┌─ STUDY MATERIAL
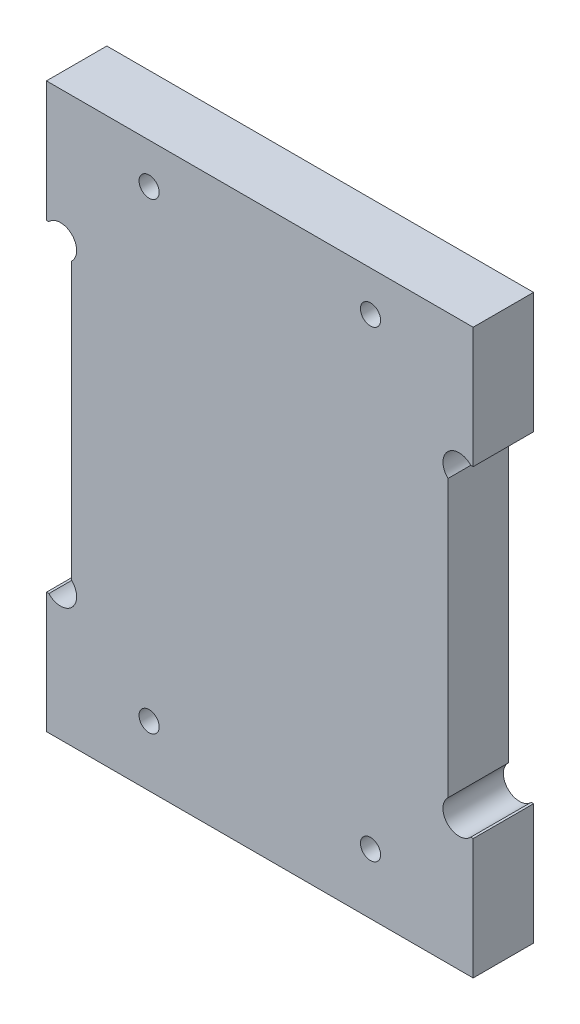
ISO-10303-21;
HEADER;
FILE_DESCRIPTION(('STEP AP214'),'2;1');
FILE_NAME('part.step','',(''),(''),'','','');
FILE_SCHEMA(('AUTOMOTIVE_DESIGN { 1 0 10303 214 1 1 1 1 }'));
ENDSEC;
DATA;
#1=APPLICATION_CONTEXT('core data for automotive mechanical design processes');
#2=APPLICATION_PROTOCOL_DEFINITION('international standard','automotive_design',2000,#1);
#3=PRODUCT_CONTEXT('',#1,'mechanical');
#4=PRODUCT('Part','Part','',(#3));
#5=PRODUCT_RELATED_PRODUCT_CATEGORY('part','',(#4));
#6=PRODUCT_DEFINITION_FORMATION('','',#4);
#7=PRODUCT_DEFINITION_CONTEXT('part definition',#1,'design');
#8=PRODUCT_DEFINITION('design','',#6,#7);
#9=PRODUCT_DEFINITION_SHAPE('','',#8);
#10=(LENGTH_UNIT() NAMED_UNIT(*) SI_UNIT(.MILLI.,.METRE.));
#11=(NAMED_UNIT(*) PLANE_ANGLE_UNIT() SI_UNIT($,.RADIAN.));
#12=(NAMED_UNIT(*) SI_UNIT($,.STERADIAN.) SOLID_ANGLE_UNIT());
#13=UNCERTAINTY_MEASURE_WITH_UNIT(LENGTH_MEASURE(1.E-05),#10,'distance_accuracy_value','');
#14=(GEOMETRIC_REPRESENTATION_CONTEXT(3) GLOBAL_UNCERTAINTY_ASSIGNED_CONTEXT((#13)) GLOBAL_UNIT_ASSIGNED_CONTEXT((#10,
#11,#12)) REPRESENTATION_CONTEXT('',''));
#15=CARTESIAN_POINT('',(0.,0.,0.));
#16=DIRECTION('',(0.,0.,1.));
#17=DIRECTION('',(1.,0.,0.));
#18=AXIS2_PLACEMENT_3D('',#15,#16,#17);
#19=CARTESIAN_POINT('',(-19.8,13.9,6.));
#20=DIRECTION('',(0.,0.,-1.));
#21=DIRECTION('',(-1.,0.,0.));
#22=AXIS2_PLACEMENT_3D('',#19,#20,#21);
#23=PLANE('',#22);
#24=CARTESIAN_POINT('',(-11.,-23.,6.));
#25=DIRECTION('',(0.,0.,1.));
#26=DIRECTION('',(-1.,0.,0.));
#27=AXIS2_PLACEMENT_3D('',#24,#25,#26);
#28=CIRCLE('',#27,1.);
#29=CARTESIAN_POINT('',(-12.,-23.,6.));
#30=VERTEX_POINT('',#29);
#31=EDGE_CURVE('E280',#30,#30,#28,.T.);
#32=ORIENTED_EDGE('',*,*,#31,.F.);
#33=EDGE_LOOP('',(#32));
#34=FACE_BOUND('',#33,.T.);
#35=CARTESIAN_POINT('',(-11.,23.,6.));
#36=DIRECTION('',(0.,0.,1.));
#37=DIRECTION('',(1.,0.,0.));
#38=AXIS2_PLACEMENT_3D('',#35,#36,#37);
#39=CIRCLE('',#38,1.);
#40=CARTESIAN_POINT('',(-10.,23.,6.));
#41=VERTEX_POINT('',#40);
#42=EDGE_CURVE('E190',#41,#41,#39,.T.);
#43=ORIENTED_EDGE('',*,*,#42,.F.);
#44=EDGE_LOOP('',(#43));
#45=FACE_BOUND('',#44,.T.);
#46=DIRECTION('',(-1.,0.,0.));
#47=VECTOR('',#46,1.);
#48=CARTESIAN_POINT('',(-24.7,27.,6.));
#49=LINE('',#48,#47);
#50=CARTESIAN_POINT('',(21.2,27.,6.));
#51=VERTEX_POINT('',#50);
#52=CARTESIAN_POINT('',(-21.2,27.,6.));
#53=VERTEX_POINT('',#52);
#54=EDGE_CURVE('E184',#51,#53,#49,.T.);
#55=ORIENTED_EDGE('',*,*,#54,.T.);
#56=DIRECTION('',(0.,1.,0.));
#57=VECTOR('',#56,1.);
#58=CARTESIAN_POINT('',(-21.2,38.8256273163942,6.));
#59=LINE('',#58,#57);
#60=CARTESIAN_POINT('',(-21.2,15.,6.));
#61=VERTEX_POINT('',#60);
#62=EDGE_CURVE('E57',#61,#53,#59,.T.);
#63=ORIENTED_EDGE('',*,*,#62,.F.);
#64=DIRECTION('',(1.,0.,0.));
#65=VECTOR('',#64,1.);
#66=CARTESIAN_POINT('',(-24.7,15.,6.));
#67=LINE('',#66,#65);
#68=CARTESIAN_POINT('',(-20.9618950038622,15.,6.));
#69=VERTEX_POINT('',#68);
#70=EDGE_CURVE('E215',#61,#69,#67,.T.);
#71=ORIENTED_EDGE('',*,*,#70,.T.);
#72=CARTESIAN_POINT('',(-19.8,13.9,6.));
#73=DIRECTION('',(0.,0.,-1.));
#74=DIRECTION('',(-1.,0.,0.));
#75=AXIS2_PLACEMENT_3D('',#72,#73,#74);
#76=CIRCLE('',#75,1.60000000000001);
#77=CARTESIAN_POINT('',(-18.7,12.7381049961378,6.));
#78=VERTEX_POINT('',#77);
#79=EDGE_CURVE('E297',#69,#78,#76,.T.);
#80=ORIENTED_EDGE('',*,*,#79,.T.);
#81=DIRECTION('',(0.,-1.,0.));
#82=VECTOR('',#81,1.);
#83=CARTESIAN_POINT('',(-18.7,12.7381049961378,6.));
#84=LINE('',#83,#82);
#85=CARTESIAN_POINT('',(-18.7,-14.7381049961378,6.));
#86=VERTEX_POINT('',#85);
#87=EDGE_CURVE('E299',#78,#86,#84,.T.);
#88=ORIENTED_EDGE('',*,*,#87,.T.);
#89=CARTESIAN_POINT('',(-19.8,-15.9,6.));
#90=DIRECTION('',(0.,0.,-1.));
#91=DIRECTION('',(-1.,0.,0.));
#92=AXIS2_PLACEMENT_3D('',#89,#90,#91);
#93=CIRCLE('',#92,1.6);
#94=CARTESIAN_POINT('',(-20.9618950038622,-17.,6.));
#95=VERTEX_POINT('',#94);
#96=EDGE_CURVE('E172',#86,#95,#93,.T.);
#97=ORIENTED_EDGE('',*,*,#96,.T.);
#98=DIRECTION('',(-1.,0.,0.));
#99=VECTOR('',#98,1.);
#100=CARTESIAN_POINT('',(-20.9618950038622,-17.,6.));
#101=LINE('',#100,#99);
#102=CARTESIAN_POINT('',(-21.2,-17.,6.));
#103=VERTEX_POINT('',#102);
#104=EDGE_CURVE('E161',#95,#103,#101,.T.);
#105=ORIENTED_EDGE('',*,*,#104,.T.);
#106=CARTESIAN_POINT('',(-21.2,-29.,6.));
#107=VERTEX_POINT('',#106);
#108=EDGE_CURVE('E146',#107,#103,#59,.T.);
#109=ORIENTED_EDGE('',*,*,#108,.F.);
#110=DIRECTION('',(1.,0.,0.));
#111=VECTOR('',#110,1.);
#112=CARTESIAN_POINT('',(24.7,-29.,6.));
#113=LINE('',#112,#111);
#114=CARTESIAN_POINT('',(21.2,-29.,6.));
#115=VERTEX_POINT('',#114);
#116=EDGE_CURVE('E158',#107,#115,#113,.T.);
#117=ORIENTED_EDGE('',*,*,#116,.T.);
#118=DIRECTION('',(0.,-1.,0.));
#119=VECTOR('',#118,1.);
#120=CARTESIAN_POINT('',(21.2,40.2838612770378,6.));
#121=LINE('',#120,#119);
#122=CARTESIAN_POINT('',(21.2,-17.,6.));
#123=VERTEX_POINT('',#122);
#124=EDGE_CURVE('E258',#123,#115,#121,.T.);
#125=ORIENTED_EDGE('',*,*,#124,.F.);
#126=DIRECTION('',(-1.,0.,0.));
#127=VECTOR('',#126,1.);
#128=CARTESIAN_POINT('',(20.9618950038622,-17.,6.));
#129=LINE('',#128,#127);
#130=CARTESIAN_POINT('',(20.9618950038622,-17.,6.));
#131=VERTEX_POINT('',#130);
#132=EDGE_CURVE('E168',#123,#131,#129,.T.);
#133=ORIENTED_EDGE('',*,*,#132,.T.);
#134=CARTESIAN_POINT('',(19.8,-15.9,6.));
#135=DIRECTION('',(0.,0.,-1.));
#136=DIRECTION('',(1.,0.,0.));
#137=AXIS2_PLACEMENT_3D('',#134,#135,#136);
#138=CIRCLE('',#137,1.6);
#139=CARTESIAN_POINT('',(18.7,-14.7381049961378,6.));
#140=VERTEX_POINT('',#139);
#141=EDGE_CURVE('E170',#131,#140,#138,.T.);
#142=ORIENTED_EDGE('',*,*,#141,.T.);
#143=DIRECTION('',(0.,1.,0.));
#144=VECTOR('',#143,1.);
#145=CARTESIAN_POINT('',(18.7,12.7381049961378,6.));
#146=LINE('',#145,#144);
#147=CARTESIAN_POINT('',(18.7,12.7381049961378,6.));
#148=VERTEX_POINT('',#147);
#149=EDGE_CURVE('E177',#140,#148,#146,.T.);
#150=ORIENTED_EDGE('',*,*,#149,.T.);
#151=CARTESIAN_POINT('',(19.8,13.9,6.));
#152=DIRECTION('',(0.,0.,-1.));
#153=DIRECTION('',(1.,0.,0.));
#154=AXIS2_PLACEMENT_3D('',#151,#152,#153);
#155=CIRCLE('',#154,1.60000000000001);
#156=CARTESIAN_POINT('',(20.9618950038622,15.,6.));
#157=VERTEX_POINT('',#156);
#158=EDGE_CURVE('E179',#148,#157,#155,.T.);
#159=ORIENTED_EDGE('',*,*,#158,.T.);
#160=DIRECTION('',(1.,0.,0.));
#161=VECTOR('',#160,1.);
#162=CARTESIAN_POINT('',(24.7,15.,6.));
#163=LINE('',#162,#161);
#164=CARTESIAN_POINT('',(21.2,15.,6.));
#165=VERTEX_POINT('',#164);
#166=EDGE_CURVE('E181',#157,#165,#163,.T.);
#167=ORIENTED_EDGE('',*,*,#166,.T.);
#168=EDGE_CURVE('E261',#51,#165,#121,.T.);
#169=ORIENTED_EDGE('',*,*,#168,.F.);
#170=EDGE_LOOP('',(#55,#63,#71,#80,#88,#97,#105,#109,#117,#125,#133,#142,#150,#159,#167,#169));
#171=FACE_BOUND('',#170,.T.);
#172=CARTESIAN_POINT('',(11.,23.,6.));
#173=DIRECTION('',(0.,0.,1.));
#174=DIRECTION('',(-1.,0.,0.));
#175=AXIS2_PLACEMENT_3D('',#172,#173,#174);
#176=CIRCLE('',#175,1.);
#177=CARTESIAN_POINT('',(10.,23.,6.));
#178=VERTEX_POINT('',#177);
#179=EDGE_CURVE('E286',#178,#178,#176,.T.);
#180=ORIENTED_EDGE('',*,*,#179,.F.);
#181=EDGE_LOOP('',(#180));
#182=FACE_BOUND('',#181,.T.);
#183=CARTESIAN_POINT('',(11.,-23.,6.));
#184=DIRECTION('',(0.,0.,1.));
#185=DIRECTION('',(1.,0.,0.));
#186=AXIS2_PLACEMENT_3D('',#183,#184,#185);
#187=CIRCLE('',#186,1.);
#188=CARTESIAN_POINT('',(12.,-23.,6.));
#189=VERTEX_POINT('',#188);
#190=EDGE_CURVE('E274',#189,#189,#187,.T.);
#191=ORIENTED_EDGE('',*,*,#190,.F.);
#192=EDGE_LOOP('',(#191));
#193=FACE_BOUND('',#192,.T.);
#194=ADVANCED_FACE('F34',(#34,#45,#171,#182,#193),#23,.F.);
#195=CARTESIAN_POINT('',(-19.8,13.9,0.));
#196=DIRECTION('',(0.,0.,-1.));
#197=DIRECTION('',(-1.,0.,0.));
#198=AXIS2_PLACEMENT_3D('',#195,#196,#197);
#199=PLANE('',#198);
#200=DIRECTION('',(0.,-1.,0.));
#201=VECTOR('',#200,1.);
#202=CARTESIAN_POINT('',(-21.2,13.9,0.));
#203=LINE('',#202,#201);
#204=CARTESIAN_POINT('',(-21.2,27.,0.));
#205=VERTEX_POINT('',#204);
#206=CARTESIAN_POINT('',(-21.2,15.,0.));
#207=VERTEX_POINT('',#206);
#208=EDGE_CURVE('E162',#205,#207,#203,.T.);
#209=ORIENTED_EDGE('',*,*,#208,.F.);
#210=DIRECTION('',(-1.,0.,0.));
#211=VECTOR('',#210,1.);
#212=CARTESIAN_POINT('',(-24.7,27.,0.));
#213=LINE('',#212,#211);
#214=CARTESIAN_POINT('',(21.2,27.,0.));
#215=VERTEX_POINT('',#214);
#216=EDGE_CURVE('E212',#215,#205,#213,.T.);
#217=ORIENTED_EDGE('',*,*,#216,.F.);
#218=DIRECTION('',(0.,1.,0.));
#219=VECTOR('',#218,1.);
#220=CARTESIAN_POINT('',(21.2,13.9,0.));
#221=LINE('',#220,#219);
#222=CARTESIAN_POINT('',(21.2,15.,0.));
#223=VERTEX_POINT('',#222);
#224=EDGE_CURVE('E251',#223,#215,#221,.T.);
#225=ORIENTED_EDGE('',*,*,#224,.F.);
#226=DIRECTION('',(1.,0.,0.));
#227=VECTOR('',#226,1.);
#228=CARTESIAN_POINT('',(24.7,15.,0.));
#229=LINE('',#228,#227);
#230=CARTESIAN_POINT('',(20.9618950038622,15.,0.));
#231=VERTEX_POINT('',#230);
#232=EDGE_CURVE('E209',#231,#223,#229,.T.);
#233=ORIENTED_EDGE('',*,*,#232,.F.);
#234=CARTESIAN_POINT('',(19.8,13.9,0.));
#235=DIRECTION('',(0.,0.,-1.));
#236=DIRECTION('',(1.,0.,0.));
#237=AXIS2_PLACEMENT_3D('',#234,#235,#236);
#238=CIRCLE('',#237,1.60000000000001);
#239=CARTESIAN_POINT('',(18.7,12.7381049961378,0.));
#240=VERTEX_POINT('',#239);
#241=EDGE_CURVE('E207',#240,#231,#238,.T.);
#242=ORIENTED_EDGE('',*,*,#241,.F.);
#243=DIRECTION('',(0.,1.,0.));
#244=VECTOR('',#243,1.);
#245=CARTESIAN_POINT('',(18.7,12.7381049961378,0.));
#246=LINE('',#245,#244);
#247=CARTESIAN_POINT('',(18.7,-14.7381049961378,0.));
#248=VERTEX_POINT('',#247);
#249=EDGE_CURVE('E205',#248,#240,#246,.T.);
#250=ORIENTED_EDGE('',*,*,#249,.F.);
#251=CARTESIAN_POINT('',(19.8,-15.9,0.));
#252=DIRECTION('',(0.,0.,-1.));
#253=DIRECTION('',(1.,0.,0.));
#254=AXIS2_PLACEMENT_3D('',#251,#252,#253);
#255=CIRCLE('',#254,1.6);
#256=CARTESIAN_POINT('',(20.9618950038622,-17.,0.));
#257=VERTEX_POINT('',#256);
#258=EDGE_CURVE('E203',#257,#248,#255,.T.);
#259=ORIENTED_EDGE('',*,*,#258,.F.);
#260=DIRECTION('',(-1.,0.,0.));
#261=VECTOR('',#260,1.);
#262=CARTESIAN_POINT('',(20.9618950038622,-17.,0.));
#263=LINE('',#262,#261);
#264=CARTESIAN_POINT('',(21.2,-17.,0.));
#265=VERTEX_POINT('',#264);
#266=EDGE_CURVE('E201',#265,#257,#263,.T.);
#267=ORIENTED_EDGE('',*,*,#266,.F.);
#268=CARTESIAN_POINT('',(21.2,-29.,0.));
#269=VERTEX_POINT('',#268);
#270=EDGE_CURVE('E266',#269,#265,#221,.T.);
#271=ORIENTED_EDGE('',*,*,#270,.F.);
#272=DIRECTION('',(1.,0.,0.));
#273=VECTOR('',#272,1.);
#274=CARTESIAN_POINT('',(24.7,-29.,0.));
#275=LINE('',#274,#273);
#276=CARTESIAN_POINT('',(-21.2,-29.,0.));
#277=VERTEX_POINT('',#276);
#278=EDGE_CURVE('E199',#277,#269,#275,.T.);
#279=ORIENTED_EDGE('',*,*,#278,.F.);
#280=CARTESIAN_POINT('',(-21.2,-17.,0.));
#281=VERTEX_POINT('',#280);
#282=EDGE_CURVE('E49',#281,#277,#203,.T.);
#283=ORIENTED_EDGE('',*,*,#282,.F.);
#284=DIRECTION('',(-1.,0.,0.));
#285=VECTOR('',#284,1.);
#286=CARTESIAN_POINT('',(-20.9618950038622,-17.,0.));
#287=LINE('',#286,#285);
#288=CARTESIAN_POINT('',(-20.9618950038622,-17.,0.));
#289=VERTEX_POINT('',#288);
#290=EDGE_CURVE('E196',#289,#281,#287,.T.);
#291=ORIENTED_EDGE('',*,*,#290,.F.);
#292=CARTESIAN_POINT('',(-19.8,-15.9,0.));
#293=DIRECTION('',(0.,0.,-1.));
#294=DIRECTION('',(-1.,0.,0.));
#295=AXIS2_PLACEMENT_3D('',#292,#293,#294);
#296=CIRCLE('',#295,1.6);
#297=CARTESIAN_POINT('',(-18.7,-14.7381049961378,0.));
#298=VERTEX_POINT('',#297);
#299=EDGE_CURVE('E194',#298,#289,#296,.T.);
#300=ORIENTED_EDGE('',*,*,#299,.F.);
#301=DIRECTION('',(0.,-1.,0.));
#302=VECTOR('',#301,1.);
#303=CARTESIAN_POINT('',(-18.7,12.7381049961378,0.));
#304=LINE('',#303,#302);
#305=CARTESIAN_POINT('',(-18.7,12.7381049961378,0.));
#306=VERTEX_POINT('',#305);
#307=EDGE_CURVE('E192',#306,#298,#304,.T.);
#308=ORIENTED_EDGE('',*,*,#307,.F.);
└─
**WORK INSTRUCTION:**
Please write out, exactly as they appear above, only the lines in the stretch from the line with "#28=CIRCLE('',#27,1.);" through the line with "#36=DIRECTION('',(0.,0.,1.));".

**SOLUTION FOR THIS EXERCISE:**
#28=CIRCLE('',#27,1.);
#29=CARTESIAN_POINT('',(-12.,-23.,6.));
#30=VERTEX_POINT('',#29);
#31=EDGE_CURVE('E280',#30,#30,#28,.T.);
#32=ORIENTED_EDGE('',*,*,#31,.F.);
#33=EDGE_LOOP('',(#32));
#34=FACE_BOUND('',#33,.T.);
#35=CARTESIAN_POINT('',(-11.,23.,6.));
#36=DIRECTION('',(0.,0.,1.));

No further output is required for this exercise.